» **What needs to be done**
Below, locate the line that contains "If/1 -> BER_TCM_BIT_UNCODED/Action". Repeat exactly from that line to the line that contains "Reshape1/1 -> Bit to Integer Converter1/1", inclusive, leaving out the pictures.

Available records Block Start

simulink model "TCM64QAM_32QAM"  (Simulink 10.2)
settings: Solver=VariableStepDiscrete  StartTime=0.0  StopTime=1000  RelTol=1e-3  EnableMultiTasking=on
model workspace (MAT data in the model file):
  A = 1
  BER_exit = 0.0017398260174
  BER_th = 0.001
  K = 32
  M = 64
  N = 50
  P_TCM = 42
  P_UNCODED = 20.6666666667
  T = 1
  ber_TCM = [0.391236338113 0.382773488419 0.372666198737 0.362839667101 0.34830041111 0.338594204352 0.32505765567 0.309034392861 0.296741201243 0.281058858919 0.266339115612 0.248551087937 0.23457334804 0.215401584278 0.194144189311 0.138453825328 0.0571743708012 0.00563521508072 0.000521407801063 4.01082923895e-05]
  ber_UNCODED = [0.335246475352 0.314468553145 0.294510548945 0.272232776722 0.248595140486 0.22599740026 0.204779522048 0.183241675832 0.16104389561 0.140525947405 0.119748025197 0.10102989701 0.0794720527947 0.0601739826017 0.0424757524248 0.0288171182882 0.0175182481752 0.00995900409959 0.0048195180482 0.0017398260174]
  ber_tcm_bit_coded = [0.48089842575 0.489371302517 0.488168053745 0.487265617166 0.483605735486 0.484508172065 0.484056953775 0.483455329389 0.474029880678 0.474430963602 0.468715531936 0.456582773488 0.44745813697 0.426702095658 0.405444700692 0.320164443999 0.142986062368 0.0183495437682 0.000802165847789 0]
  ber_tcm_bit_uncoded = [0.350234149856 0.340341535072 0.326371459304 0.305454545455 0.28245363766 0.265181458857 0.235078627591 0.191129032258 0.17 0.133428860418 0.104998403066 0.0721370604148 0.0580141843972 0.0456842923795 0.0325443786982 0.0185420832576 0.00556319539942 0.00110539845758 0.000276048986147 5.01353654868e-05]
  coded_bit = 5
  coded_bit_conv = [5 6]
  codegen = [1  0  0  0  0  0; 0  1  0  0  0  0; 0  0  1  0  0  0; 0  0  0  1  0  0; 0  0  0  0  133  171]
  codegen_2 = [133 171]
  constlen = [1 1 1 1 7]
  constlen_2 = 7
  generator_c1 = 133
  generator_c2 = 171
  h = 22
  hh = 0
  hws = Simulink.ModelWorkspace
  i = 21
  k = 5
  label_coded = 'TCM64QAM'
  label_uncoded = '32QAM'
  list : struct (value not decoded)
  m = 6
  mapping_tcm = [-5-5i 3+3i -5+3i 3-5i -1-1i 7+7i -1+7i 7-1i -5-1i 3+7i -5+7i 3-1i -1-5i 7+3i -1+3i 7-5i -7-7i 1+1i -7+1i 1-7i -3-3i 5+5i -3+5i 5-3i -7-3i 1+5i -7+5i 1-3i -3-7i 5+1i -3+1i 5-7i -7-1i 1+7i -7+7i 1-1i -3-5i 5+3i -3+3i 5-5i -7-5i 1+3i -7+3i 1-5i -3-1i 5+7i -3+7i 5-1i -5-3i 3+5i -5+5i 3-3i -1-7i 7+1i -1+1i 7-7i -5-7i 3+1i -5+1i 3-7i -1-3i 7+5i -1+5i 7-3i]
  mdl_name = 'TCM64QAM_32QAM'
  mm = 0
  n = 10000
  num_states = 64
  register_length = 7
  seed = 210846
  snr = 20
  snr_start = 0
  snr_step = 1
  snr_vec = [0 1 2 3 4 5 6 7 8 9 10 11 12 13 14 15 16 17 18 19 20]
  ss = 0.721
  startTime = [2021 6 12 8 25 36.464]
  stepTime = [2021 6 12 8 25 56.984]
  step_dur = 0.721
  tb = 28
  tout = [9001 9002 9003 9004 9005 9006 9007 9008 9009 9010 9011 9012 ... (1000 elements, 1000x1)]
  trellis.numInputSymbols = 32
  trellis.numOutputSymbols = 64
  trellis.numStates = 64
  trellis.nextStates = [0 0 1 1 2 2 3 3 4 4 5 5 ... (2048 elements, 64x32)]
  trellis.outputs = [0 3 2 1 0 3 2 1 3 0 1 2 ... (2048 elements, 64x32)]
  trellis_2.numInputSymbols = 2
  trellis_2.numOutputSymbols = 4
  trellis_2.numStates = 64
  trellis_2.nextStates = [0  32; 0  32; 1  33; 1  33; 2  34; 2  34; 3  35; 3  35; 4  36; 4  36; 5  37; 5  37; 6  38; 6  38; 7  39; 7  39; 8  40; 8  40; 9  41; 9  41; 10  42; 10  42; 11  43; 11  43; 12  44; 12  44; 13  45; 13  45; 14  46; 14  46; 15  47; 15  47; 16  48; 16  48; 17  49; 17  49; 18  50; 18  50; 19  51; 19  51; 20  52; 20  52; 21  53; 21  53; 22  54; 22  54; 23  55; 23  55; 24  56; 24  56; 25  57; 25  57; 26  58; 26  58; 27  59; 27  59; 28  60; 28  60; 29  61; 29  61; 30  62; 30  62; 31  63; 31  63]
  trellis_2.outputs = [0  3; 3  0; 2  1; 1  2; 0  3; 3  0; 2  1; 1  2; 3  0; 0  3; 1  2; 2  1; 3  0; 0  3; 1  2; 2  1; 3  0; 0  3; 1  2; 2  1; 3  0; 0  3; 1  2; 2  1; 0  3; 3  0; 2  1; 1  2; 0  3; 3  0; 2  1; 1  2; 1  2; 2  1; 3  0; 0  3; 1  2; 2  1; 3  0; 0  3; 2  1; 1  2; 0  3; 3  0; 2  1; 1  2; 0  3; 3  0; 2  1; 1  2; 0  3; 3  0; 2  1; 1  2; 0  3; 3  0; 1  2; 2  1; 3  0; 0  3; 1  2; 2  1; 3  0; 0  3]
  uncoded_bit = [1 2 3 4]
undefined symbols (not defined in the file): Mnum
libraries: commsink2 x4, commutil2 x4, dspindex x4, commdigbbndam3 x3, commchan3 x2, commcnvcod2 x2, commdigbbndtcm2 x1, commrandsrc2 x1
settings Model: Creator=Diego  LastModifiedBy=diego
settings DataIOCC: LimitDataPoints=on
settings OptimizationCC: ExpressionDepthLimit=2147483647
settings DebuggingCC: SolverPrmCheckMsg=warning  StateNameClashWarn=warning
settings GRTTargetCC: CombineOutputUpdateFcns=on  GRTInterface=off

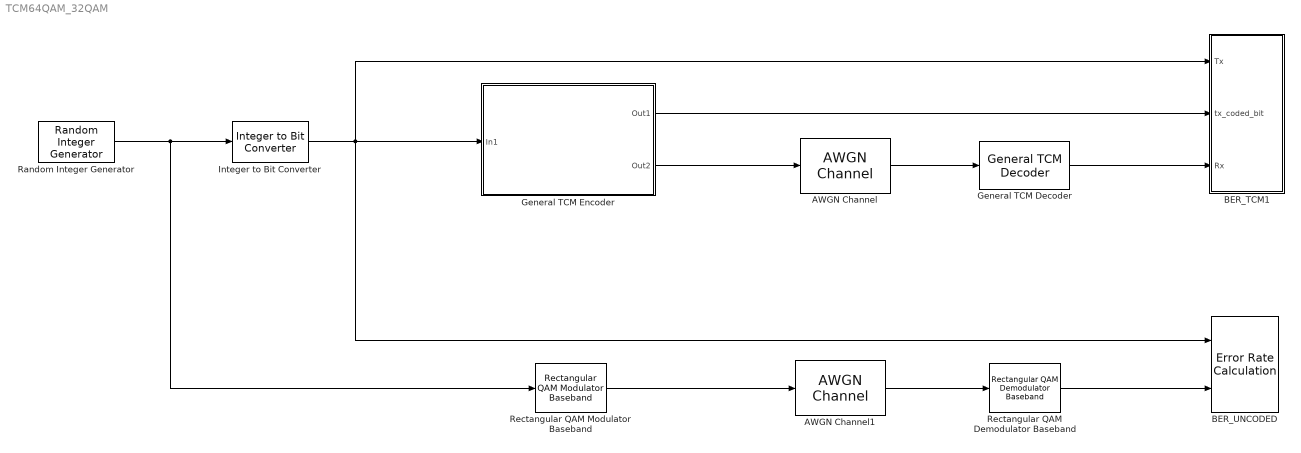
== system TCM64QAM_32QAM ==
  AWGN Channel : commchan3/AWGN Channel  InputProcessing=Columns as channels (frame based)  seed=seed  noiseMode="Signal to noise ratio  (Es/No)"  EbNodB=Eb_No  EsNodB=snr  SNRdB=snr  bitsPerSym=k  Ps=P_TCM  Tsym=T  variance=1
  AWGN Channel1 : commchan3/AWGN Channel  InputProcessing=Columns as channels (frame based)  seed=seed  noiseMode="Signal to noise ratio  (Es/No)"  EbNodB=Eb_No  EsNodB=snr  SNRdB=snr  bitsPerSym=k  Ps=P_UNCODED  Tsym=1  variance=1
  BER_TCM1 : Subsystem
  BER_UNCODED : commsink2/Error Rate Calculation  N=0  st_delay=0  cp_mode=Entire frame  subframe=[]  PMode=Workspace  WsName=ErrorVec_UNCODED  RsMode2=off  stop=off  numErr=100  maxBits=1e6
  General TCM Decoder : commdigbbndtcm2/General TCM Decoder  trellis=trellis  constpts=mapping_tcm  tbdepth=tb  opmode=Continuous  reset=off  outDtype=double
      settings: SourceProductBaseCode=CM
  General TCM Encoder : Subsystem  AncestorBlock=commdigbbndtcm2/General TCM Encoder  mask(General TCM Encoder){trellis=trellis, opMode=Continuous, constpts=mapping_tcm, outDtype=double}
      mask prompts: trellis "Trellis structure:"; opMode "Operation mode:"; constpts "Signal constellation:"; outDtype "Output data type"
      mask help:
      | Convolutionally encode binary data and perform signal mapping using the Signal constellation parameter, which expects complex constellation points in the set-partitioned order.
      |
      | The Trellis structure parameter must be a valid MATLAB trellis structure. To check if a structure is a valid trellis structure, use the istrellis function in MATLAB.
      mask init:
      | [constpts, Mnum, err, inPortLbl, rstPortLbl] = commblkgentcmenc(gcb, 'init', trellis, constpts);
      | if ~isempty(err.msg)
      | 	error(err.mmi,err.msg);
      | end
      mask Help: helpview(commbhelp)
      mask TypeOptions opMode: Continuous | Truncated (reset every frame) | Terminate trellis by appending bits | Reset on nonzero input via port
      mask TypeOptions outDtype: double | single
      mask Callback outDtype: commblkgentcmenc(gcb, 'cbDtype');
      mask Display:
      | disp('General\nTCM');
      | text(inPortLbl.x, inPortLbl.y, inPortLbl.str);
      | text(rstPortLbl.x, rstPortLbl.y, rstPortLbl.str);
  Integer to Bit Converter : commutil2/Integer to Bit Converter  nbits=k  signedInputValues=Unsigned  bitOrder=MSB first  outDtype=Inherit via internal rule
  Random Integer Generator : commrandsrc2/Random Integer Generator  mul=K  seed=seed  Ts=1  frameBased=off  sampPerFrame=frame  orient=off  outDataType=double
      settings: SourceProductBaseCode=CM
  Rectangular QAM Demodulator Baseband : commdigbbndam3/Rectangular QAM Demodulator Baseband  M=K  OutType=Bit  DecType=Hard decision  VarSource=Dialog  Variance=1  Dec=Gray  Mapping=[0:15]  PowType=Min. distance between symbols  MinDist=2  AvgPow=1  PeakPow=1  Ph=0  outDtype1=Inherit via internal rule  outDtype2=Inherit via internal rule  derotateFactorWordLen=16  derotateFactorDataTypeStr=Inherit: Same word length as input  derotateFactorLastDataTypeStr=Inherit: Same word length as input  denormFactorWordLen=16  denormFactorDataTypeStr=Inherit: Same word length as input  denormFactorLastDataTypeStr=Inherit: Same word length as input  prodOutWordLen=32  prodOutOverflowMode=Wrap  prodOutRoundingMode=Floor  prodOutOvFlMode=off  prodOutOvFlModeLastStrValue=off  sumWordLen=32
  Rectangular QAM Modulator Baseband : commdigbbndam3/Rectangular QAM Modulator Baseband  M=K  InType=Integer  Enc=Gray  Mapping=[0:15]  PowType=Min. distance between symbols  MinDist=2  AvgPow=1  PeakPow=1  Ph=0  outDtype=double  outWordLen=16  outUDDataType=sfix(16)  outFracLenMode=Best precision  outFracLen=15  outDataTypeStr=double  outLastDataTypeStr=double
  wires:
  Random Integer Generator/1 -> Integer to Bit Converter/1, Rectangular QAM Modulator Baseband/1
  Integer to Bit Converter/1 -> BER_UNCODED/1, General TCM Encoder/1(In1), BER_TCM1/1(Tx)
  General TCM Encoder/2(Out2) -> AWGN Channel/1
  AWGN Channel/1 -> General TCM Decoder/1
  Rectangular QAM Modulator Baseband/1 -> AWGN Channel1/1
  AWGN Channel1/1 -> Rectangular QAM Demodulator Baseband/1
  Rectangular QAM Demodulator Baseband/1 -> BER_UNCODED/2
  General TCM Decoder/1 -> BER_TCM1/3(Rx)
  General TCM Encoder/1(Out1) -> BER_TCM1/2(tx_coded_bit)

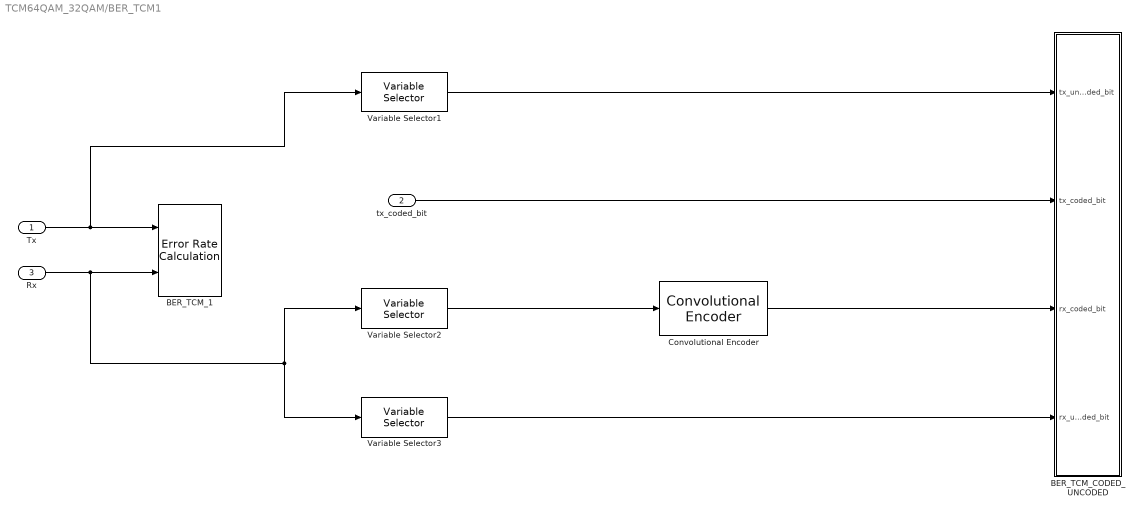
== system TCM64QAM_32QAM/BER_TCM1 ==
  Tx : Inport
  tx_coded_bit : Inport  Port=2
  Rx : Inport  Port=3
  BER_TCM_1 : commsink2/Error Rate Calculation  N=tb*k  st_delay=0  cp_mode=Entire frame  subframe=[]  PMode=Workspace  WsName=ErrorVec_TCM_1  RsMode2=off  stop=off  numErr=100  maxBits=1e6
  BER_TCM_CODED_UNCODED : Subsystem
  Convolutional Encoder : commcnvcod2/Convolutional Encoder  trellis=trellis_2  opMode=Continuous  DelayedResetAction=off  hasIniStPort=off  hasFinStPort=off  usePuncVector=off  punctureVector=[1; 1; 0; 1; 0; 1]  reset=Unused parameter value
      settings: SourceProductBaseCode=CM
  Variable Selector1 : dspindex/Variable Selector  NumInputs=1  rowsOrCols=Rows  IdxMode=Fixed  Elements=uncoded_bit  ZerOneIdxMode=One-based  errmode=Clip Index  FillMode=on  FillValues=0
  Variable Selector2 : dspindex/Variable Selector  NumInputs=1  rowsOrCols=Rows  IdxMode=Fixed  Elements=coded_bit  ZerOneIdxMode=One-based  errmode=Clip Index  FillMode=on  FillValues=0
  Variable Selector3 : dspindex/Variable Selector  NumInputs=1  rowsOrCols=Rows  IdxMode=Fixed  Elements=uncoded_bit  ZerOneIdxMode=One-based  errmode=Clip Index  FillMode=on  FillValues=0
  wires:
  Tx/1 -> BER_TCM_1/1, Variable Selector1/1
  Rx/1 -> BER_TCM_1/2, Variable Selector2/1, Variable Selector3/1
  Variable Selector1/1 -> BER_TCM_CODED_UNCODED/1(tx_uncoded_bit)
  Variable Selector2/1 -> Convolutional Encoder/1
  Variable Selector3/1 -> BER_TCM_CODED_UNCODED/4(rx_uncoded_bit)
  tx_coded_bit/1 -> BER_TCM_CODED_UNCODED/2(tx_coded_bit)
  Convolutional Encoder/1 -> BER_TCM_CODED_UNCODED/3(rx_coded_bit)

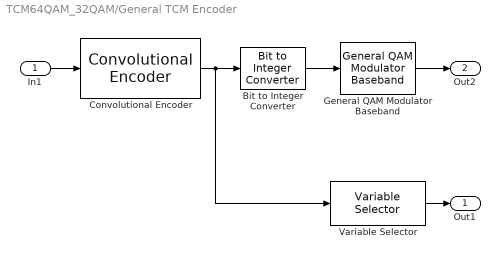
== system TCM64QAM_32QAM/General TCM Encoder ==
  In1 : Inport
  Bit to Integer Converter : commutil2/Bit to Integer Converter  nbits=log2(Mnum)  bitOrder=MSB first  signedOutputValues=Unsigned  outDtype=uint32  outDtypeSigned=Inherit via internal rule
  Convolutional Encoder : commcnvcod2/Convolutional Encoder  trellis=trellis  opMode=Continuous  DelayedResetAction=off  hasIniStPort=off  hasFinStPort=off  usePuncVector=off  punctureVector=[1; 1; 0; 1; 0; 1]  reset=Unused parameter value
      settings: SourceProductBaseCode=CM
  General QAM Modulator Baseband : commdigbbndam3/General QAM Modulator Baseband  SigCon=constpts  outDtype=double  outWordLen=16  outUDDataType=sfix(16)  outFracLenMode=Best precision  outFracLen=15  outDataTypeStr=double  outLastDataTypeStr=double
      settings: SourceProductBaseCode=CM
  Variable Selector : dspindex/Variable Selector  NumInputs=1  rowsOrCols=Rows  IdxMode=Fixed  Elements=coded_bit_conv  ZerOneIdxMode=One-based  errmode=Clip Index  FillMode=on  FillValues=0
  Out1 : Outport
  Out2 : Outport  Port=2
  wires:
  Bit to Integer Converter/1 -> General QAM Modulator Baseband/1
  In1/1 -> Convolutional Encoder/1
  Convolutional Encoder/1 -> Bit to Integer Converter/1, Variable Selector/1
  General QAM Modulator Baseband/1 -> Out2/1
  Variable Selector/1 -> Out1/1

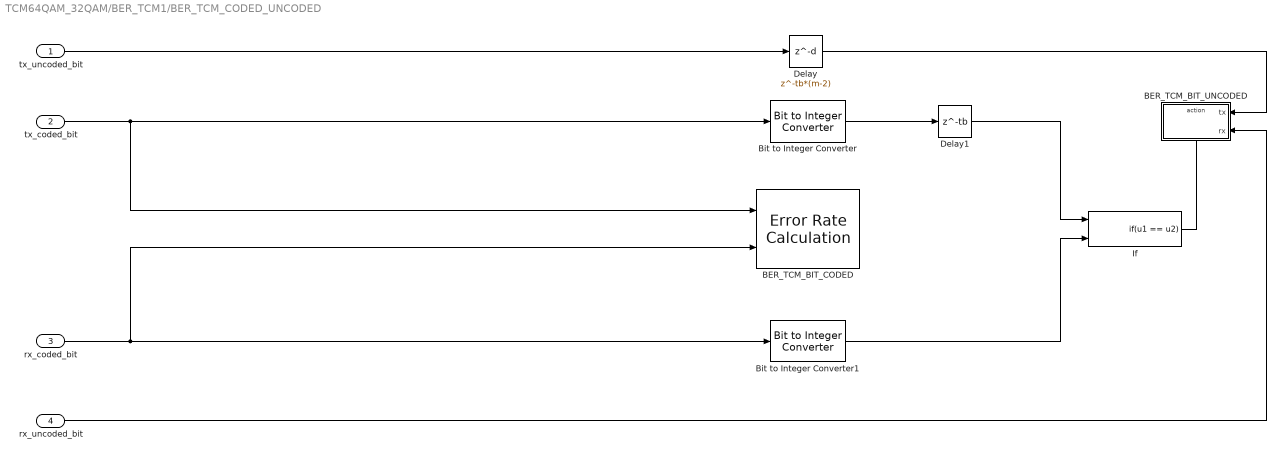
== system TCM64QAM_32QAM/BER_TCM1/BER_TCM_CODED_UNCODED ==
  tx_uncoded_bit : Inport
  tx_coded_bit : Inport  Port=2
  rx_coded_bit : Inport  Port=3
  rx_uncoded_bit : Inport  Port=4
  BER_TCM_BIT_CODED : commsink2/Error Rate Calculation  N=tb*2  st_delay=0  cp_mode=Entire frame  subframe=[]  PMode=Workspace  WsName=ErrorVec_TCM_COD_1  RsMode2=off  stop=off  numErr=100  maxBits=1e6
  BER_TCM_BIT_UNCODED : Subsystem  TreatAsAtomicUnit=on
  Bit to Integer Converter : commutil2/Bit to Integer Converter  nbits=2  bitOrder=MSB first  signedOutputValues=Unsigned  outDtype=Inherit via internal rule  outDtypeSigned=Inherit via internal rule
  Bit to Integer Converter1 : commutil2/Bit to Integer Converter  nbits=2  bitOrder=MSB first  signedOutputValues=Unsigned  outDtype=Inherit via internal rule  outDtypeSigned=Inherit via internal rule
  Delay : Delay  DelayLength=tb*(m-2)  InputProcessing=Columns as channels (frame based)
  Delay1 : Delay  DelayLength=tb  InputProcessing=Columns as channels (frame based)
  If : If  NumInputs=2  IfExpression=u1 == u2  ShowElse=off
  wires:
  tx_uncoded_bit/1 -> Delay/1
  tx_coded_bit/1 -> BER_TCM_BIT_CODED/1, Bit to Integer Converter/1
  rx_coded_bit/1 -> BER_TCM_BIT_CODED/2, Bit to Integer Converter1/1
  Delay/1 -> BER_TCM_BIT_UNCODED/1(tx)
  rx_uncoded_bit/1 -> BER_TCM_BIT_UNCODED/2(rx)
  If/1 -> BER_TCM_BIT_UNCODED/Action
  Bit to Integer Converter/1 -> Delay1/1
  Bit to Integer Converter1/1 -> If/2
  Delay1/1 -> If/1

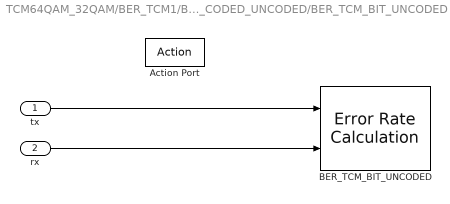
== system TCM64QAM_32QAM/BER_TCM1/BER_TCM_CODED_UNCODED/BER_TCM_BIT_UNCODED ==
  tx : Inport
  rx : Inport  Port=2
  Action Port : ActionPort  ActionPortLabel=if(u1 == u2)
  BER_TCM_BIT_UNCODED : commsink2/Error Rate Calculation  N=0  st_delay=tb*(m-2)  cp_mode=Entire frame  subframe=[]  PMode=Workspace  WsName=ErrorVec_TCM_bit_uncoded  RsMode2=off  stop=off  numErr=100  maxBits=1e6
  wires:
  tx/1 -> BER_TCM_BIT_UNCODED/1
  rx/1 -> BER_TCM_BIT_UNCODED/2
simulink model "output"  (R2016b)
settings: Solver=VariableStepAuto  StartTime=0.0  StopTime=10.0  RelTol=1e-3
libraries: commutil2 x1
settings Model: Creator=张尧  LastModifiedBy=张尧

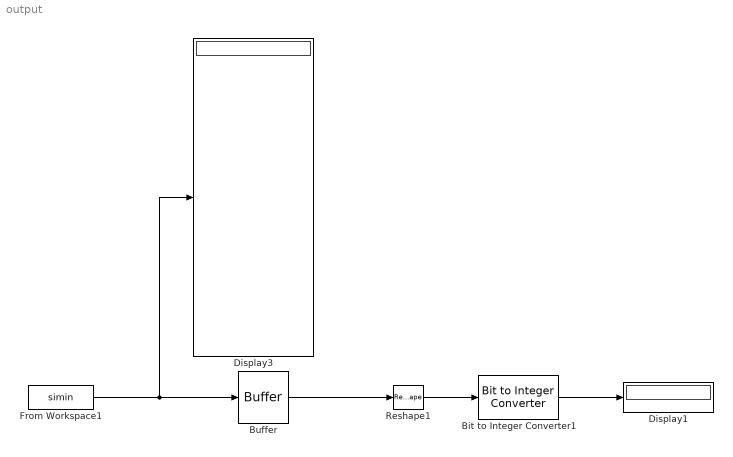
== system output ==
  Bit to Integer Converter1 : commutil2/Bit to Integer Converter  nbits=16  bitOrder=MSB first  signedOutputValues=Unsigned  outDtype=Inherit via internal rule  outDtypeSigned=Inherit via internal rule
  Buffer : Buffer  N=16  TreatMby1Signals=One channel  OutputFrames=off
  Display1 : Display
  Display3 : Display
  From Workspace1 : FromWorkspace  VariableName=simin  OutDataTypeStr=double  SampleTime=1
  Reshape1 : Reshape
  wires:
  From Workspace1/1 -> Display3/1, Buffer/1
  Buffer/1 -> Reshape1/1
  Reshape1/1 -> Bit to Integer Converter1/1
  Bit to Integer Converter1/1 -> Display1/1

Available records Block End

» **Solved exercise**
  If/1 -> BER_TCM_BIT_UNCODED/Action
  Bit to Integer Converter/1 -> Delay1/1
  Bit to Integer Converter1/1 -> If/2
  Delay1/1 -> If/1

== system TCM64QAM_32QAM/BER_TCM1/BER_TCM_CODED_UNCODED/BER_TCM_BIT_UNCODED ==
  tx : Inport
  rx : Inport  Port=2
  Action Port : ActionPort  ActionPortLabel=if(u1 == u2)
  BER_TCM_BIT_UNCODED : commsink2/Error Rate Calculation  N=0  st_delay=tb*(m-2)  cp_mode=Entire frame  subframe=[]  PMode=Workspace  WsName=ErrorVec_TCM_bit_uncoded  RsMode2=off  stop=off  numErr=100  maxBits=1e6
  wires:
  tx/1 -> BER_TCM_BIT_UNCODED/1
  rx/1 -> BER_TCM_BIT_UNCODED/2
simulink model "output"  (R2016b)
settings: Solver=VariableStepAuto  StartTime=0.0  StopTime=10.0  RelTol=1e-3
libraries: commutil2 x1
settings Model: Creator=张尧  LastModifiedBy=张尧

== system output ==
  Bit to Integer Converter1 : commutil2/Bit to Integer Converter  nbits=16  bitOrder=MSB first  signedOutputValues=Unsigned  outDtype=Inherit via internal rule  outDtypeSigned=Inherit via internal rule
  Buffer : Buffer  N=16  TreatMby1Signals=One channel  OutputFrames=off
  Display1 : Display
  Display3 : Display
  From Workspace1 : FromWorkspace  VariableName=simin  OutDataTypeStr=double  SampleTime=1
  Reshape1 : Reshape
  wires:
  From Workspace1/1 -> Display3/1, Buffer/1
  Buffer/1 -> Reshape1/1
  Reshape1/1 -> Bit to Integer Converter1/1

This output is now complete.